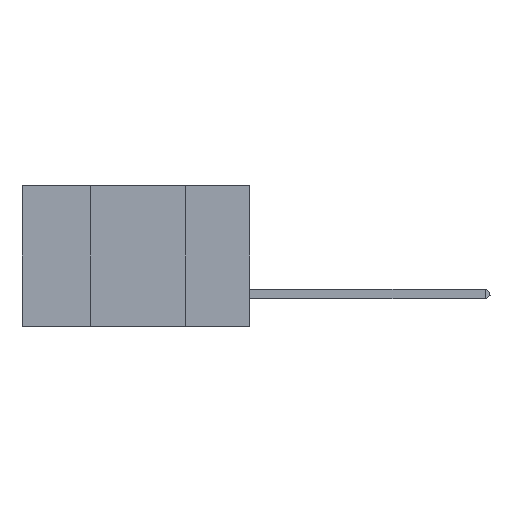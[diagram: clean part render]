
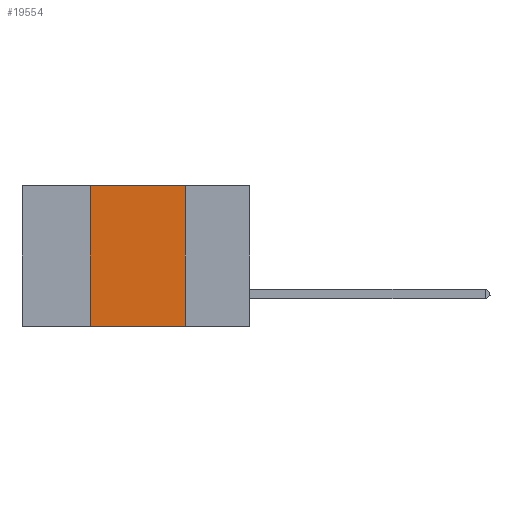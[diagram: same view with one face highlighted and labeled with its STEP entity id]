
A CAD part, left-side view. The second image highlights one B-rep face of the part: STEP entity #19554.
In plain terms, the highlighted planar face has unit normal (-1, 0, 0).
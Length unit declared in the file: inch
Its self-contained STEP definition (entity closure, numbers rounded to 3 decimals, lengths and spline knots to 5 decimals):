
#289 = ORIENTED_EDGE ( 'NONE', *, *, #24094, .T. ) ;
#516 = CARTESIAN_POINT ( 'NONE',  ( 0., 0.17, -0.37 ) ) ;
#994 = DIRECTION ( 'NONE',  ( 0., -1., 0. ) ) ;
#1447 = VECTOR ( 'NONE', #994, 39.37008 ) ;
#2320 = DIRECTION ( 'NONE',  ( 0., 0., 1. ) ) ;
#3457 = FACE_OUTER_BOUND ( 'NONE', #16158, .T. ) ;
#4256 = CARTESIAN_POINT ( 'NONE',  ( 0., 0.6, 0. ) ) ;
#5060 = DIRECTION ( 'NONE',  ( 1., 0., 0. ) ) ;
#5092 = EDGE_CURVE ( 'NONE', #24188, #13636, #16303, .T. ) ;
#5146 = CARTESIAN_POINT ( 'NONE',  ( 0., 0.42, -0.37 ) ) ;
#5712 = AXIS2_PLACEMENT_3D ( 'NONE', #14471, #5060, #7006 ) ;
#5920 = EDGE_CURVE ( 'NONE', #10155, #12821, #23678, .T. ) ;
#6226 = CARTESIAN_POINT ( 'NONE',  ( 0., 0.42, 0. ) ) ;
#7006 = DIRECTION ( 'NONE',  ( 0., 0., -1. ) ) ;
#7103 = DIRECTION ( 'NONE',  ( 0., 0., -1. ) ) ;
#8761 = CARTESIAN_POINT ( 'NONE',  ( 0., 0.42, 0. ) ) ;
#8984 = VECTOR ( 'NONE', #2320, 39.37008 ) ;
#9494 = ORIENTED_EDGE ( 'NONE', *, *, #5092, .F. ) ;
#10155 = VERTEX_POINT ( 'NONE', #17110 ) ;
#10354 = CARTESIAN_POINT ( 'NONE',  ( 0., 0.6, -0.37 ) ) ;
#11173 = ORIENTED_EDGE ( 'NONE', *, *, #5920, .F. ) ;
#12205 = VECTOR ( 'NONE', #7103, 39.37008 ) ;
#12544 = LINE ( 'NONE', #4256, #21937 ) ;
#12821 = VERTEX_POINT ( 'NONE', #516 ) ;
#13371 = DIRECTION ( 'NONE',  ( 0., -1., 0. ) ) ;
#13636 = VERTEX_POINT ( 'NONE', #8761 ) ;
#14471 = CARTESIAN_POINT ( 'NONE',  ( 0., 0.6, 0. ) ) ;
#15225 = LINE ( 'NONE', #10354, #1447 ) ;
#15720 = EDGE_CURVE ( 'NONE', #13636, #10155, #12544, .T. ) ;
#16158 = EDGE_LOOP ( 'NONE', ( #11173, #18687, #9494, #289 ) ) ;
#16303 = LINE ( 'NONE', #6226, #8984 ) ;
#16617 = PLANE ( 'NONE',  #5712 ) ;
#17110 = CARTESIAN_POINT ( 'NONE',  ( 0., 0.17, 0. ) ) ;
#18687 = ORIENTED_EDGE ( 'NONE', *, *, #15720, .F. ) ;
#19554 = ADVANCED_FACE ( 'NONE', ( #3457 ), #16617, .F. ) ;
#20332 = CARTESIAN_POINT ( 'NONE',  ( 0., 0.17, 0. ) ) ;
#21937 = VECTOR ( 'NONE', #13371, 39.37008 ) ;
#23678 = LINE ( 'NONE', #20332, #12205 ) ;
#24094 = EDGE_CURVE ( 'NONE', #24188, #12821, #15225, .T. ) ;
#24188 = VERTEX_POINT ( 'NONE', #5146 ) ;
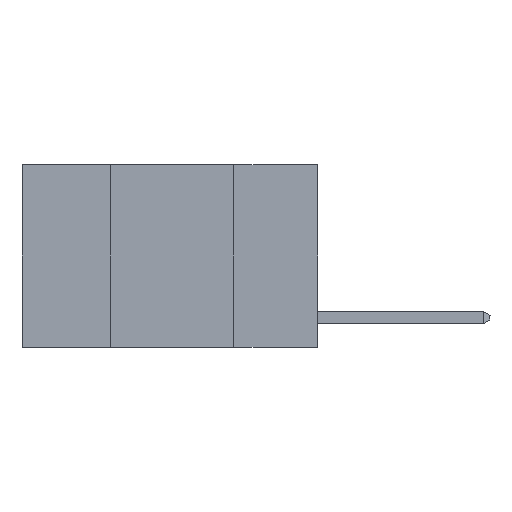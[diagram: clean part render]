
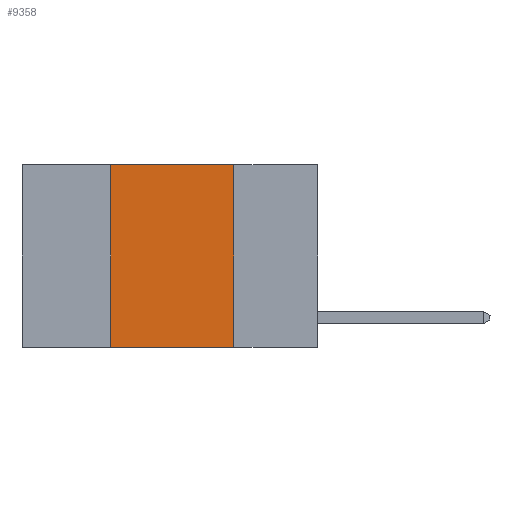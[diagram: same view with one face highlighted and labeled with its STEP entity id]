
A CAD part, left-side view. The second image highlights one B-rep face of the part: STEP entity #9358.
In plain terms, the highlighted planar face has unit normal (-1, 0, 0).
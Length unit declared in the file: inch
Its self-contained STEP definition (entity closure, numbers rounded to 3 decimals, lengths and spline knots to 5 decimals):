
#30 = CARTESIAN_POINT ( 'NONE',  ( 0., 0.17, -0.37 ) ) ;
#894 = DIRECTION ( 'NONE',  ( 1., 0., 0. ) ) ;
#914 = EDGE_CURVE ( 'NONE', #7715, #10299, #1292, .T. ) ;
#1292 = LINE ( 'NONE', #2932, #12270 ) ;
#1424 = CARTESIAN_POINT ( 'NONE',  ( 0., 0.42, -0.37 ) ) ;
#1475 = VECTOR ( 'NONE', #3230, 39.37008 ) ;
#1555 = VERTEX_POINT ( 'NONE', #11077 ) ;
#1598 = EDGE_CURVE ( 'NONE', #7715, #11224, #4284, .T. ) ;
#1600 = EDGE_CURVE ( 'NONE', #1555, #10299, #1764, .T. ) ;
#1764 = LINE ( 'NONE', #6066, #11798 ) ;
#2638 = ORIENTED_EDGE ( 'NONE', *, *, #1600, .F. ) ;
#2932 = CARTESIAN_POINT ( 'NONE',  ( 0., 0.6, -0.37 ) ) ;
#3230 = DIRECTION ( 'NONE',  ( 0., -1., 0. ) ) ;
#3973 = CARTESIAN_POINT ( 'NONE',  ( 0., 0.42, 0. ) ) ;
#4284 = LINE ( 'NONE', #3973, #9468 ) ;
#4909 = AXIS2_PLACEMENT_3D ( 'NONE', #13182, #894, #8243 ) ;
#5036 = DIRECTION ( 'NONE',  ( 0., 0., 1. ) ) ;
#5467 = ORIENTED_EDGE ( 'NONE', *, *, #6914, .F. ) ;
#5794 = ORIENTED_EDGE ( 'NONE', *, *, #914, .T. ) ;
#6066 = CARTESIAN_POINT ( 'NONE',  ( 0., 0.17, 0. ) ) ;
#6823 = EDGE_LOOP ( 'NONE', ( #2638, #5467, #8184, #5794 ) ) ;
#6914 = EDGE_CURVE ( 'NONE', #11224, #1555, #9509, .T. ) ;
#7135 = DIRECTION ( 'NONE',  ( 0., 0., -1. ) ) ;
#7216 = PLANE ( 'NONE',  #4909 ) ;
#7715 = VERTEX_POINT ( 'NONE', #1424 ) ;
#8184 = ORIENTED_EDGE ( 'NONE', *, *, #1598, .F. ) ;
#8243 = DIRECTION ( 'NONE',  ( 0., 0., -1. ) ) ;
#8449 = CARTESIAN_POINT ( 'NONE',  ( 0., 0.6, 0. ) ) ;
#9358 = ADVANCED_FACE ( 'NONE', ( #9911 ), #7216, .F. ) ;
#9468 = VECTOR ( 'NONE', #5036, 39.37008 ) ;
#9509 = LINE ( 'NONE', #8449, #1475 ) ;
#9516 = CARTESIAN_POINT ( 'NONE',  ( 0., 0.42, 0. ) ) ;
#9911 = FACE_OUTER_BOUND ( 'NONE', #6823, .T. ) ;
#10191 = DIRECTION ( 'NONE',  ( 0., -1., 0. ) ) ;
#10299 = VERTEX_POINT ( 'NONE', #30 ) ;
#11077 = CARTESIAN_POINT ( 'NONE',  ( 0., 0.17, 0. ) ) ;
#11224 = VERTEX_POINT ( 'NONE', #9516 ) ;
#11798 = VECTOR ( 'NONE', #7135, 39.37008 ) ;
#12270 = VECTOR ( 'NONE', #10191, 39.37008 ) ;
#13182 = CARTESIAN_POINT ( 'NONE',  ( 0., 0.6, 0. ) ) ;
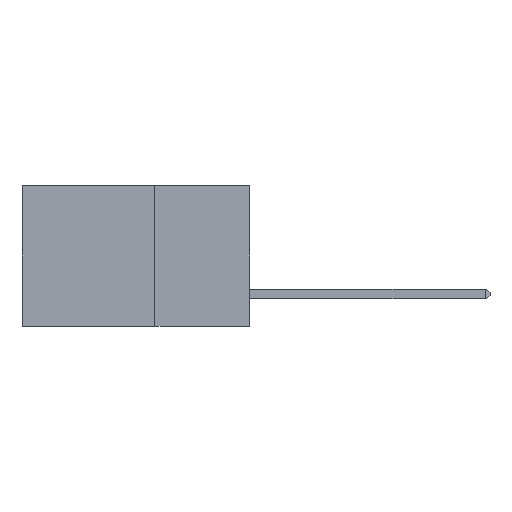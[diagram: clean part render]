
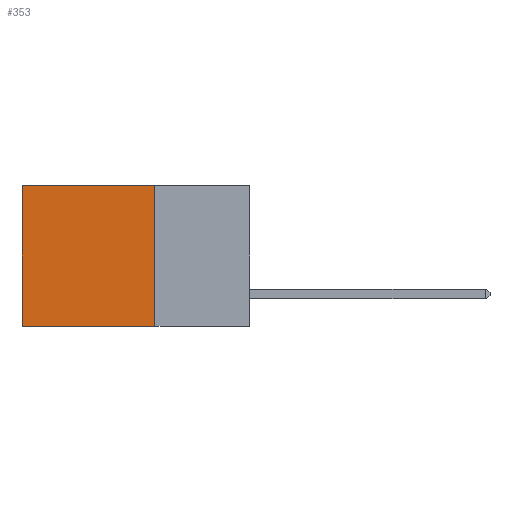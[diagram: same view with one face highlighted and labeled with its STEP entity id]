
A CAD part, left-side view. The second image highlights one B-rep face of the part: STEP entity #353.
In plain terms, the highlighted planar face has unit normal (-1, 0, 0).
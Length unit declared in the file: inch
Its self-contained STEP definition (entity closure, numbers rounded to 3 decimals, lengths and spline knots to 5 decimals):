
#353 = ADVANCED_FACE ( 'NONE', ( #3335 ), #8336, .F. ) ;
#435 = DIRECTION ( 'NONE',  ( 0., 1., 0. ) ) ;
#456 = CARTESIAN_POINT ( 'NONE',  ( 0.2875, 0.6, 0. ) ) ;
#538 = CARTESIAN_POINT ( 'NONE',  ( 0.2875, 0.25, 0. ) ) ;
#848 = VECTOR ( 'NONE', #1193, 39.37008 ) ;
#1193 = DIRECTION ( 'NONE',  ( 0., 0., -1. ) ) ;
#1196 = VERTEX_POINT ( 'NONE', #7652 ) ;
#1386 = CARTESIAN_POINT ( 'NONE',  ( 0.2875, 0.6, 0. ) ) ;
#1401 = EDGE_CURVE ( 'NONE', #5583, #1196, #8174, .T. ) ;
#1549 = DIRECTION ( 'NONE',  ( 0., 0., -1. ) ) ;
#2050 = ORIENTED_EDGE ( 'NONE', *, *, #5106, .T. ) ;
#2703 = ORIENTED_EDGE ( 'NONE', *, *, #9174, .F. ) ;
#2707 = AXIS2_PLACEMENT_3D ( 'NONE', #4907, #9561, #11041 ) ;
#3335 = FACE_OUTER_BOUND ( 'NONE', #6981, .T. ) ;
#3566 = LINE ( 'NONE', #1386, #848 ) ;
#3933 = VECTOR ( 'NONE', #1549, 39.37008 ) ;
#4287 = CARTESIAN_POINT ( 'NONE',  ( 0.2875, 0.25, 0. ) ) ;
#4907 = CARTESIAN_POINT ( 'NONE',  ( 0.2875, 0.25, 0. ) ) ;
#5052 = ORIENTED_EDGE ( 'NONE', *, *, #1401, .F. ) ;
#5106 = EDGE_CURVE ( 'NONE', #7137, #1196, #3566, .T. ) ;
#5216 = VERTEX_POINT ( 'NONE', #4287 ) ;
#5583 = VERTEX_POINT ( 'NONE', #10804 ) ;
#6577 = DIRECTION ( 'NONE',  ( 0., 1., 0. ) ) ;
#6845 = CARTESIAN_POINT ( 'NONE',  ( 0.2875, 0.25, -0.37 ) ) ;
#6981 = EDGE_LOOP ( 'NONE', ( #2050, #5052, #2703, #7934 ) ) ;
#7137 = VERTEX_POINT ( 'NONE', #456 ) ;
#7567 = LINE ( 'NONE', #11770, #11920 ) ;
#7652 = CARTESIAN_POINT ( 'NONE',  ( 0.2875, 0.6, -0.37 ) ) ;
#7934 = ORIENTED_EDGE ( 'NONE', *, *, #11626, .T. ) ;
#8174 = LINE ( 'NONE', #6845, #10755 ) ;
#8336 = PLANE ( 'NONE',  #2707 ) ;
#9174 = EDGE_CURVE ( 'NONE', #5216, #5583, #11554, .T. ) ;
#9561 = DIRECTION ( 'NONE',  ( 1., 0., 0. ) ) ;
#10755 = VECTOR ( 'NONE', #6577, 39.37008 ) ;
#10804 = CARTESIAN_POINT ( 'NONE',  ( 0.2875, 0.25, -0.37 ) ) ;
#11041 = DIRECTION ( 'NONE',  ( 0., 0., -1. ) ) ;
#11554 = LINE ( 'NONE', #538, #3933 ) ;
#11626 = EDGE_CURVE ( 'NONE', #5216, #7137, #7567, .T. ) ;
#11770 = CARTESIAN_POINT ( 'NONE',  ( 0.2875, 0.25, 0. ) ) ;
#11920 = VECTOR ( 'NONE', #435, 39.37008 ) ;
--------------------------------------------------
Repeat exactly the lines above from the one with "#4287 = CARTESIAN_POINT" up to and including the one with "#6577 = DIRECTION". No other line belongs in the reply.

Exercise solution:
#4287 = CARTESIAN_POINT ( 'NONE',  ( 0.2875, 0.25, 0. ) ) ;
#4907 = CARTESIAN_POINT ( 'NONE',  ( 0.2875, 0.25, 0. ) ) ;
#5052 = ORIENTED_EDGE ( 'NONE', *, *, #1401, .F. ) ;
#5106 = EDGE_CURVE ( 'NONE', #7137, #1196, #3566, .T. ) ;
#5216 = VERTEX_POINT ( 'NONE', #4287 ) ;
#5583 = VERTEX_POINT ( 'NONE', #10804 ) ;
#6577 = DIRECTION ( 'NONE',  ( 0., 1., 0. ) ) ;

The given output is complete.